- Directions for this task
Among the lines below, copy exactly those from the one with "#27013 = EDGE_CURVE" through the one with "#28652 = CIRCLE ( 'NONE', #36695, 0.03 ) ;", counting both ends.

Source records:

◆ ◆ ◆

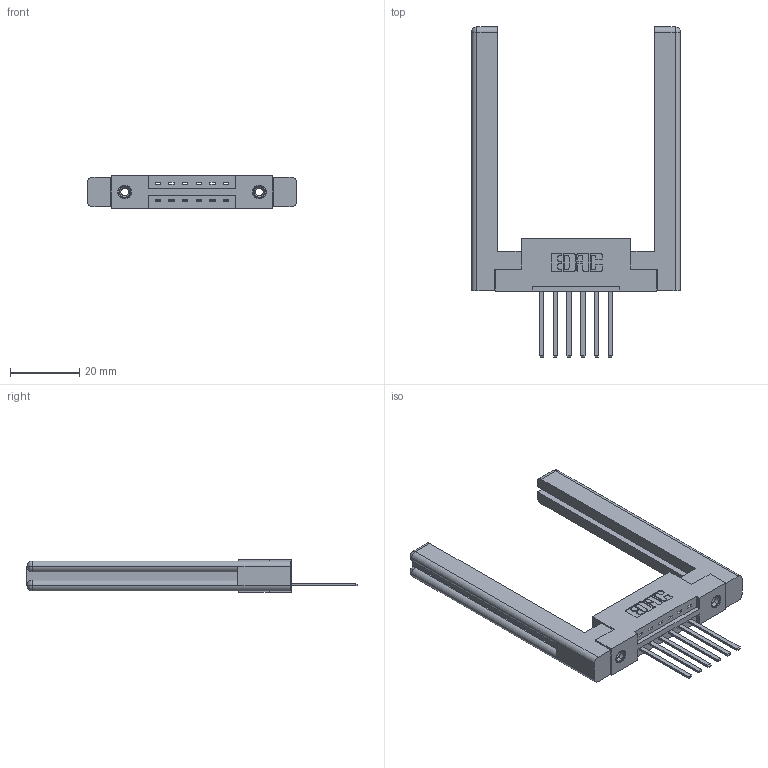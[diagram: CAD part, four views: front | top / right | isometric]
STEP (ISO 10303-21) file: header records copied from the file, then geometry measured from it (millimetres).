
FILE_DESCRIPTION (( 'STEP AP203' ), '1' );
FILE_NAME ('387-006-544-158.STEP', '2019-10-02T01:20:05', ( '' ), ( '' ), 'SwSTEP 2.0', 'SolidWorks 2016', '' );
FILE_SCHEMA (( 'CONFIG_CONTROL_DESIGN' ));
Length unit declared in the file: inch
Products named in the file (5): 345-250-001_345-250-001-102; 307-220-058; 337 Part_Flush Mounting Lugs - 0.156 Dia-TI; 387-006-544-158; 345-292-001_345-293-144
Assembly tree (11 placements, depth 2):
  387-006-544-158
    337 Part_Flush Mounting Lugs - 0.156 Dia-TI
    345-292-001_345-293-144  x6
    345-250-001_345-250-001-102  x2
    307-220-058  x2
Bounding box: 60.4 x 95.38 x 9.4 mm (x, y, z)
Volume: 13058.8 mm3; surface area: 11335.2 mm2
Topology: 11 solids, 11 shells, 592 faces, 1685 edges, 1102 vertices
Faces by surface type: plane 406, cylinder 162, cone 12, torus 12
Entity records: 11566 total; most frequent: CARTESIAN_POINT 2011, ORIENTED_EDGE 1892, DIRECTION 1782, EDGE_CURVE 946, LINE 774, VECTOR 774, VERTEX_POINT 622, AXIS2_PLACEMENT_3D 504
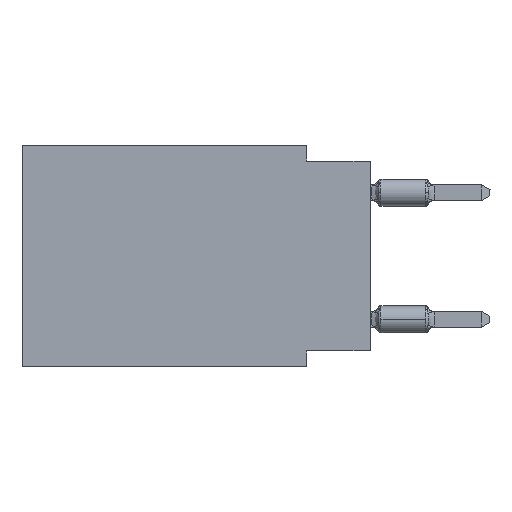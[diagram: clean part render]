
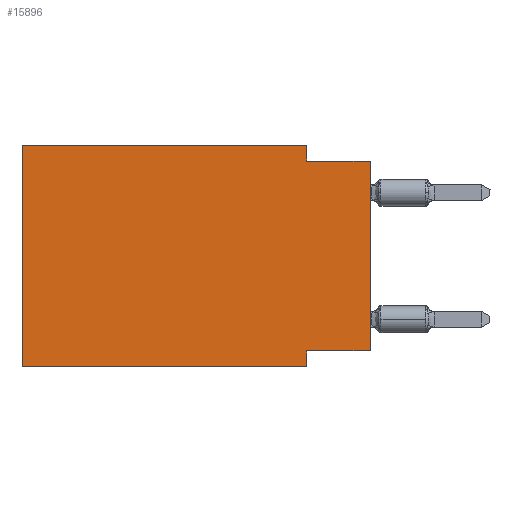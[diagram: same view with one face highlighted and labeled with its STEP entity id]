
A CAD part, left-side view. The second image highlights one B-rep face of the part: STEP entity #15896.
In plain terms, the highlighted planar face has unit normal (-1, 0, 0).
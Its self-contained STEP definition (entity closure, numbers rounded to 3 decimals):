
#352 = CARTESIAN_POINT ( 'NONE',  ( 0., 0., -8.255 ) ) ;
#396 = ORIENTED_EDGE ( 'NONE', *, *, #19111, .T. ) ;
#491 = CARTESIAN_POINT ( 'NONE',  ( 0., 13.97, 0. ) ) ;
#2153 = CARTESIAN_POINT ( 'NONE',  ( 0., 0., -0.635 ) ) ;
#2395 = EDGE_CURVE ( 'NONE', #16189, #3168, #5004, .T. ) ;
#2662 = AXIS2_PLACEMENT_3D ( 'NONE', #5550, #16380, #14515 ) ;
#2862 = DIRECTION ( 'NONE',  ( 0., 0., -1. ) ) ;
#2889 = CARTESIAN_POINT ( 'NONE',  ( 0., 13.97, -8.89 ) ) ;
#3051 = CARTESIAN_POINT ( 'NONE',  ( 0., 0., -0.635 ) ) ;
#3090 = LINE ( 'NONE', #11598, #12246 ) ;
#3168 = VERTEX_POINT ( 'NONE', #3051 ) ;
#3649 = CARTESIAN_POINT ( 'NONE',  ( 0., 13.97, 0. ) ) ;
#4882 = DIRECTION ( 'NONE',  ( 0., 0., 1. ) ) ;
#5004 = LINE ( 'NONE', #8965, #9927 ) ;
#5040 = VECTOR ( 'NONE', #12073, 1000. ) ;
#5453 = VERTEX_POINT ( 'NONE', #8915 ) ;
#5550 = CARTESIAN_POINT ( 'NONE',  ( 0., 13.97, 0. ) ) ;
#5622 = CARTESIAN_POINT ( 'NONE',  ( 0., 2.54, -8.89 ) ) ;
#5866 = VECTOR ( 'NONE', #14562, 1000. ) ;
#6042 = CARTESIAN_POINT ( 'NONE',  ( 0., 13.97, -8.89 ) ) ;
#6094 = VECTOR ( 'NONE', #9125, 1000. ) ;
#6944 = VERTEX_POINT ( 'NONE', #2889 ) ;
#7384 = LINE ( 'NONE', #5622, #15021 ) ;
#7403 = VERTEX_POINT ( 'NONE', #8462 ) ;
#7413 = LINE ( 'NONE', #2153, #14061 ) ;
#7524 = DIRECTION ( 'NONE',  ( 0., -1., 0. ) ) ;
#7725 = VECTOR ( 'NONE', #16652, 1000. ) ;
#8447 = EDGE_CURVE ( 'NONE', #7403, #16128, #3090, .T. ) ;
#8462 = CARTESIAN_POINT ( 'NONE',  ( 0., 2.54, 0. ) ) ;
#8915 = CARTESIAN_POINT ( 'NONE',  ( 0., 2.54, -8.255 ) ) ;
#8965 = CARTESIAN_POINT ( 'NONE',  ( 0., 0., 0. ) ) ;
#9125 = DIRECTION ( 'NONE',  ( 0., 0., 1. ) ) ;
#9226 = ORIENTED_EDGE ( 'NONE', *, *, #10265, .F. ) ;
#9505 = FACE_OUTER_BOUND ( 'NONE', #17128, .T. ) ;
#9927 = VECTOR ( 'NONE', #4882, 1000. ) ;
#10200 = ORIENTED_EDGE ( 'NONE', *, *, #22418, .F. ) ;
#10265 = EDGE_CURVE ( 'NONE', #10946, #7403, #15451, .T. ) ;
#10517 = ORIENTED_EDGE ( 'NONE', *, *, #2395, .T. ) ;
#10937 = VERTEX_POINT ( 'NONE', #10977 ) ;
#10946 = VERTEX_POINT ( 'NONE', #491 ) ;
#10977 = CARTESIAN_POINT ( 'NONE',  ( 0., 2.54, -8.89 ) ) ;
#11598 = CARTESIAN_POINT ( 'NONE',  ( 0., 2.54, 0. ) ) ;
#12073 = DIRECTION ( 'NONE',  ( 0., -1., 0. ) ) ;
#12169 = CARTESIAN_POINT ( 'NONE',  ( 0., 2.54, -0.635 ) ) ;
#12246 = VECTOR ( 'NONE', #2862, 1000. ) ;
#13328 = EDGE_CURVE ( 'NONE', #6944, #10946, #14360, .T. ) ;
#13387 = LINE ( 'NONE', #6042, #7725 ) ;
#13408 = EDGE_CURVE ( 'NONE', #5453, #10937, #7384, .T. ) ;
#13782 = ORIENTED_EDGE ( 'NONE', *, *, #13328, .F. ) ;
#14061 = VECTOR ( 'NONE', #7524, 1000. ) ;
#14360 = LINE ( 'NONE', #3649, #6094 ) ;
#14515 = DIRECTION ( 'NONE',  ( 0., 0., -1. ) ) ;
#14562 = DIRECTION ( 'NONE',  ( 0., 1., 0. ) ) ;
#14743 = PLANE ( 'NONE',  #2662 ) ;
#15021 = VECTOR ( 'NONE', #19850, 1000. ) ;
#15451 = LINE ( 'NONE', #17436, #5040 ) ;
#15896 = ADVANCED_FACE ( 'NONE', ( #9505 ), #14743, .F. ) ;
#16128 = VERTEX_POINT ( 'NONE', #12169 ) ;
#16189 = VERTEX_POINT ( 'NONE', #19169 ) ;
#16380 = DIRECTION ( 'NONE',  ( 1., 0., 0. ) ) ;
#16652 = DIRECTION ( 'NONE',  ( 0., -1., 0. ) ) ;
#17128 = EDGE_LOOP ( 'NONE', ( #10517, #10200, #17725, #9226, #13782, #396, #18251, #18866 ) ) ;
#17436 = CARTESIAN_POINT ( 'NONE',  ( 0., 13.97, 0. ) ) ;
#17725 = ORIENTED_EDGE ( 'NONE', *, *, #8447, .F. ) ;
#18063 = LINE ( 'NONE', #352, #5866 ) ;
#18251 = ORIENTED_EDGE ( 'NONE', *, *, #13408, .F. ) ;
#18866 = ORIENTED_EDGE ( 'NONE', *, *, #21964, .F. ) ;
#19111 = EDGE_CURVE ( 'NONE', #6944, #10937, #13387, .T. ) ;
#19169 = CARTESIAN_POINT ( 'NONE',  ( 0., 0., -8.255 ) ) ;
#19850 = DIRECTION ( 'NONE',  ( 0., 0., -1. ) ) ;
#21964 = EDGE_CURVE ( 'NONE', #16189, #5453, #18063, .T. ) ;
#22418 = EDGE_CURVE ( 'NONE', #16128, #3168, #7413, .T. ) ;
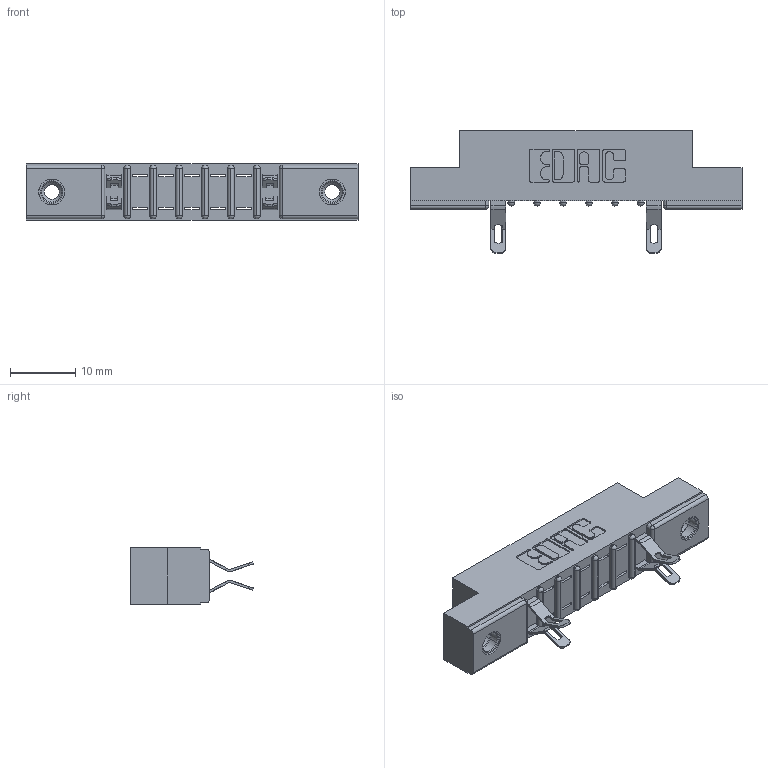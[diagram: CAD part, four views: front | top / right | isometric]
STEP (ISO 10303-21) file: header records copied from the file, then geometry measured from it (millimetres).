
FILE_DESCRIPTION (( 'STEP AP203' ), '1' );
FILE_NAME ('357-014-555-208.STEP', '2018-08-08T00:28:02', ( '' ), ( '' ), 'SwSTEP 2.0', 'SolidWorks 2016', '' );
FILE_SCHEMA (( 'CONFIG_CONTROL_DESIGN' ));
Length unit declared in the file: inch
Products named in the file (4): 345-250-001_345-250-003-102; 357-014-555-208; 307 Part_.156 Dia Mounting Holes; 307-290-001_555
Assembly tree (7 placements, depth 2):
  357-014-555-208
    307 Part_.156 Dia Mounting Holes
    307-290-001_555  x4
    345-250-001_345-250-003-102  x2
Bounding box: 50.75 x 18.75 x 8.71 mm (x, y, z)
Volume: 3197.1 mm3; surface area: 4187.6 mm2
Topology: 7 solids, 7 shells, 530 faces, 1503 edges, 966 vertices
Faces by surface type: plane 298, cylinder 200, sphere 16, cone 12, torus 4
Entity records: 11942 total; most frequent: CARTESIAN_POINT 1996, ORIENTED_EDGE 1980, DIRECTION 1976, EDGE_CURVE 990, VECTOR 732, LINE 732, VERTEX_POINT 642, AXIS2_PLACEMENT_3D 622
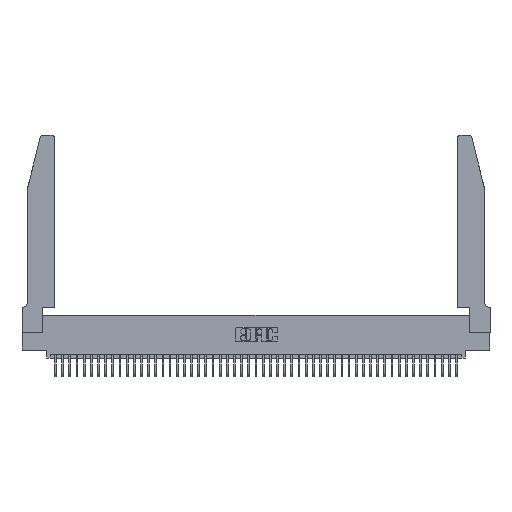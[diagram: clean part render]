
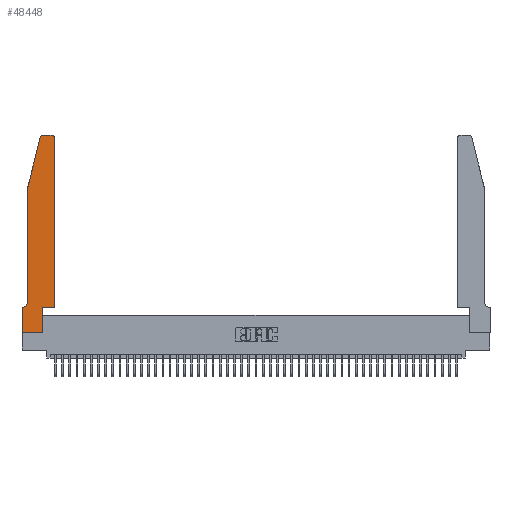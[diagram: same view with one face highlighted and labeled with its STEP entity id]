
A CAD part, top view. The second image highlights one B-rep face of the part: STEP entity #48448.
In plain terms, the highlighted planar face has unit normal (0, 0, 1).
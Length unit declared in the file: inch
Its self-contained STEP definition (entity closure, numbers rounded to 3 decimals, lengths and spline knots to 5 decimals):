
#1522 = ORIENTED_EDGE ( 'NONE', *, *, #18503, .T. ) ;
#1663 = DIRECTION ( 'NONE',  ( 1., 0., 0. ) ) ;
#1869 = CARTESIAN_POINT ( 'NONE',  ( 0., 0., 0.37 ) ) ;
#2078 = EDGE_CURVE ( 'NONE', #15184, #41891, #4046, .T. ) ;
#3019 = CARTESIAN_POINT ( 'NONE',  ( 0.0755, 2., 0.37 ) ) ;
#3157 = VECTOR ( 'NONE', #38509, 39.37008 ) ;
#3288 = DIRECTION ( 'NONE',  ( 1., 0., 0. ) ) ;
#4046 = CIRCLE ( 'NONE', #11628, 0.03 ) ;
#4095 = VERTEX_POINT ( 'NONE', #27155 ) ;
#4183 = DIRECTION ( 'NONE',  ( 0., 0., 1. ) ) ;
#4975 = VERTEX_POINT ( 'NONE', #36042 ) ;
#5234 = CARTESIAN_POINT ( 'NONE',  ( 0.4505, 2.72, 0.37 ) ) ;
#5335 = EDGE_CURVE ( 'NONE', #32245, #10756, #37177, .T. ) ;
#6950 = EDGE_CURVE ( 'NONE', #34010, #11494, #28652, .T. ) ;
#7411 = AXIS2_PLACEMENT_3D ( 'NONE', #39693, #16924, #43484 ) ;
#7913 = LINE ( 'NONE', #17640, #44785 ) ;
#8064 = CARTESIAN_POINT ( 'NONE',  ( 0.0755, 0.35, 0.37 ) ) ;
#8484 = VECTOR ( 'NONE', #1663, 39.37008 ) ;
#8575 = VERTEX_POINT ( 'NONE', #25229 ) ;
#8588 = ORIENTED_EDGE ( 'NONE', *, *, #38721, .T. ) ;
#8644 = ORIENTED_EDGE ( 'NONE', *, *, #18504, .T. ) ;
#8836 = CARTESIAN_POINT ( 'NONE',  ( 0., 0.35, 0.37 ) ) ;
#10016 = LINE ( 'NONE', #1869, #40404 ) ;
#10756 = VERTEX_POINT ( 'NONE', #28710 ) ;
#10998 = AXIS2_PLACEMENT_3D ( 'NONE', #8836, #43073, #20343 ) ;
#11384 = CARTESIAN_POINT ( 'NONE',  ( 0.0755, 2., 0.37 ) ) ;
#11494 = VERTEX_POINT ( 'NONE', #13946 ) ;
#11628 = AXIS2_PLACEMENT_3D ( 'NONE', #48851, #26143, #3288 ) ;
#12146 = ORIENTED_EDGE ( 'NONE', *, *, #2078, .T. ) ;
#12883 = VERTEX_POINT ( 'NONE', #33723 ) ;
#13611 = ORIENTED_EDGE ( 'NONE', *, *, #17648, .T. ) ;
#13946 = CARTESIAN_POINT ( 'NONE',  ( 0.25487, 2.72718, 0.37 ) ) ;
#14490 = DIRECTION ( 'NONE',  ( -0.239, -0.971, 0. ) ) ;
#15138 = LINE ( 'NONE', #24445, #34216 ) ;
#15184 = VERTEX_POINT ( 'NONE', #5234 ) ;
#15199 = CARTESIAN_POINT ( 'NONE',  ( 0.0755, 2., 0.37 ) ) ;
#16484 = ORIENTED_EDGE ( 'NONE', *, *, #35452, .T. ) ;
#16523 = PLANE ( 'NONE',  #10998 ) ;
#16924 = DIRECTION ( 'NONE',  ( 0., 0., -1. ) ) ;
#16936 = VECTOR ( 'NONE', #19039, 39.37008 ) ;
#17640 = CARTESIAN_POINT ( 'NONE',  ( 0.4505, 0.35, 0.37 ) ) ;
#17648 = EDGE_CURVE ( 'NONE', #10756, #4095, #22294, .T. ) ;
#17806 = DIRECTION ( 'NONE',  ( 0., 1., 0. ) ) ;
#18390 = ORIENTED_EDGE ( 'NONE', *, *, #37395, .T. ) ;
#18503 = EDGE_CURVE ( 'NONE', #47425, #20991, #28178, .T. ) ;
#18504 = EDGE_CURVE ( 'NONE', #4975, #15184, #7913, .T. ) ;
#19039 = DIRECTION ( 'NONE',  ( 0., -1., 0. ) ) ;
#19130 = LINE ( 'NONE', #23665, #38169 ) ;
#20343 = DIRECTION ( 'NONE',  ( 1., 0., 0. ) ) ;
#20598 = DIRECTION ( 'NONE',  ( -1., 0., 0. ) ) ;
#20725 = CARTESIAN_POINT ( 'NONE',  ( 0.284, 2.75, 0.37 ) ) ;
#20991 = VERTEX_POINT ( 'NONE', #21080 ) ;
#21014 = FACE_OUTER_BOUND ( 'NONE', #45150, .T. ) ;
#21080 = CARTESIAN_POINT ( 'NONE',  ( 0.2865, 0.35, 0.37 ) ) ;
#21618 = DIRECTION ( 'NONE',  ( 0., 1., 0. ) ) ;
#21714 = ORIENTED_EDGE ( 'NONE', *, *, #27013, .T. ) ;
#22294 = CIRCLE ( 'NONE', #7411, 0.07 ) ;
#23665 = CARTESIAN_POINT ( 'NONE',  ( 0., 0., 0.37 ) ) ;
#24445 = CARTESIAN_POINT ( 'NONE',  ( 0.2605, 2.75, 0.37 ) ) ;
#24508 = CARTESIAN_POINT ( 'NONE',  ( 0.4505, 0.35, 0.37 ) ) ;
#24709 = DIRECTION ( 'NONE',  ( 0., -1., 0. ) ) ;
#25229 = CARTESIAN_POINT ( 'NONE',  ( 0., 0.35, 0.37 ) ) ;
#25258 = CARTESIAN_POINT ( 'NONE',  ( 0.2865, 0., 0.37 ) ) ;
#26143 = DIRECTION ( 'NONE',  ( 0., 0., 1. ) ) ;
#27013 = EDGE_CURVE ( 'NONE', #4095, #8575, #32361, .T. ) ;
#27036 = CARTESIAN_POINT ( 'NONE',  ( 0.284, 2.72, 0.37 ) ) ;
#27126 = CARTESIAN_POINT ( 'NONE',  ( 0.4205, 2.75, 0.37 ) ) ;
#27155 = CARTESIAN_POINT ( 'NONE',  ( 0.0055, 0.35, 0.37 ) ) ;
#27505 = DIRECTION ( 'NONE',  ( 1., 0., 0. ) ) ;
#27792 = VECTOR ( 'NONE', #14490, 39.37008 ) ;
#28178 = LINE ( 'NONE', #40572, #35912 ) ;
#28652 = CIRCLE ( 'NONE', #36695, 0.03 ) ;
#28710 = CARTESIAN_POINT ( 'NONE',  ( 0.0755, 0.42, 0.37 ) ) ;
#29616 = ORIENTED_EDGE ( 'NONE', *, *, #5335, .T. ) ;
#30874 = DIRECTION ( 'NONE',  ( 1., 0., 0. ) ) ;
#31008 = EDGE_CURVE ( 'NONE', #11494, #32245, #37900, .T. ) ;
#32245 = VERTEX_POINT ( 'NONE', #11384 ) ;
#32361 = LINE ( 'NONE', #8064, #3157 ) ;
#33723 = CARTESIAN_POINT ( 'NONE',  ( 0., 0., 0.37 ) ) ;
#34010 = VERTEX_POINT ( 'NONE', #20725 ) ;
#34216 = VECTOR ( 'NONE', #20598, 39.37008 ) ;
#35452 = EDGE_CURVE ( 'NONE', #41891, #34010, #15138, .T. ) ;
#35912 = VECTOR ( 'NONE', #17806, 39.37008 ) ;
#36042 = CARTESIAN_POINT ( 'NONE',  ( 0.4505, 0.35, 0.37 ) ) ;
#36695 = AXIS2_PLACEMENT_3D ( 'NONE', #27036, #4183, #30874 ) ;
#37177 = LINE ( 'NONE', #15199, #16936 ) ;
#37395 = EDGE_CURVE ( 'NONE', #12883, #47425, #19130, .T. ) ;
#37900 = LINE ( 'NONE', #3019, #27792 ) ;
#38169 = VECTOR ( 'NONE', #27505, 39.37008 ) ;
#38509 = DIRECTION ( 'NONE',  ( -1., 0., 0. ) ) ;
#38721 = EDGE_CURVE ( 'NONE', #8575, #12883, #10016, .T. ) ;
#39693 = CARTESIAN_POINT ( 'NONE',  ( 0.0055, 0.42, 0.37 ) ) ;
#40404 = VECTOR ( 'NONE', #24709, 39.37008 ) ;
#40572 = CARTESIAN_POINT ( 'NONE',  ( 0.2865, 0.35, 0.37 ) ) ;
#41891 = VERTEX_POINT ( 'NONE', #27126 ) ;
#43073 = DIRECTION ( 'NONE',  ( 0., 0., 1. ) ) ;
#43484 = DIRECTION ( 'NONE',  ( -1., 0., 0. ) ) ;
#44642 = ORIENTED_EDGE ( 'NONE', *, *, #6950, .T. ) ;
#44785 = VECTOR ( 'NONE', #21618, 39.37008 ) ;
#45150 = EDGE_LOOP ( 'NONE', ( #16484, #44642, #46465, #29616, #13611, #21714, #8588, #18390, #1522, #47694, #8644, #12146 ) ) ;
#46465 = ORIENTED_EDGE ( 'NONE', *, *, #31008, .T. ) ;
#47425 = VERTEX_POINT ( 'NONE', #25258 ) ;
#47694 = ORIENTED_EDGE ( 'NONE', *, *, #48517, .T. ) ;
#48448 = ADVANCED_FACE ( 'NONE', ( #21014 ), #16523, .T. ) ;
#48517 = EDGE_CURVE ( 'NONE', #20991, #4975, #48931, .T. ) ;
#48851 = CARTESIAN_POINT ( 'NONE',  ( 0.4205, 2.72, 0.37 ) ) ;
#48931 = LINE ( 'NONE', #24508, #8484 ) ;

◆ ◆ ◆

- Task result
#27013 = EDGE_CURVE ( 'NONE', #4095, #8575, #32361, .T. ) ;
#27036 = CARTESIAN_POINT ( 'NONE',  ( 0.284, 2.72, 0.37 ) ) ;
#27126 = CARTESIAN_POINT ( 'NONE',  ( 0.4205, 2.75, 0.37 ) ) ;
#27155 = CARTESIAN_POINT ( 'NONE',  ( 0.0055, 0.35, 0.37 ) ) ;
#27505 = DIRECTION ( 'NONE',  ( 1., 0., 0. ) ) ;
#27792 = VECTOR ( 'NONE', #14490, 39.37008 ) ;
#28178 = LINE ( 'NONE', #40572, #35912 ) ;
#28652 = CIRCLE ( 'NONE', #36695, 0.03 ) ;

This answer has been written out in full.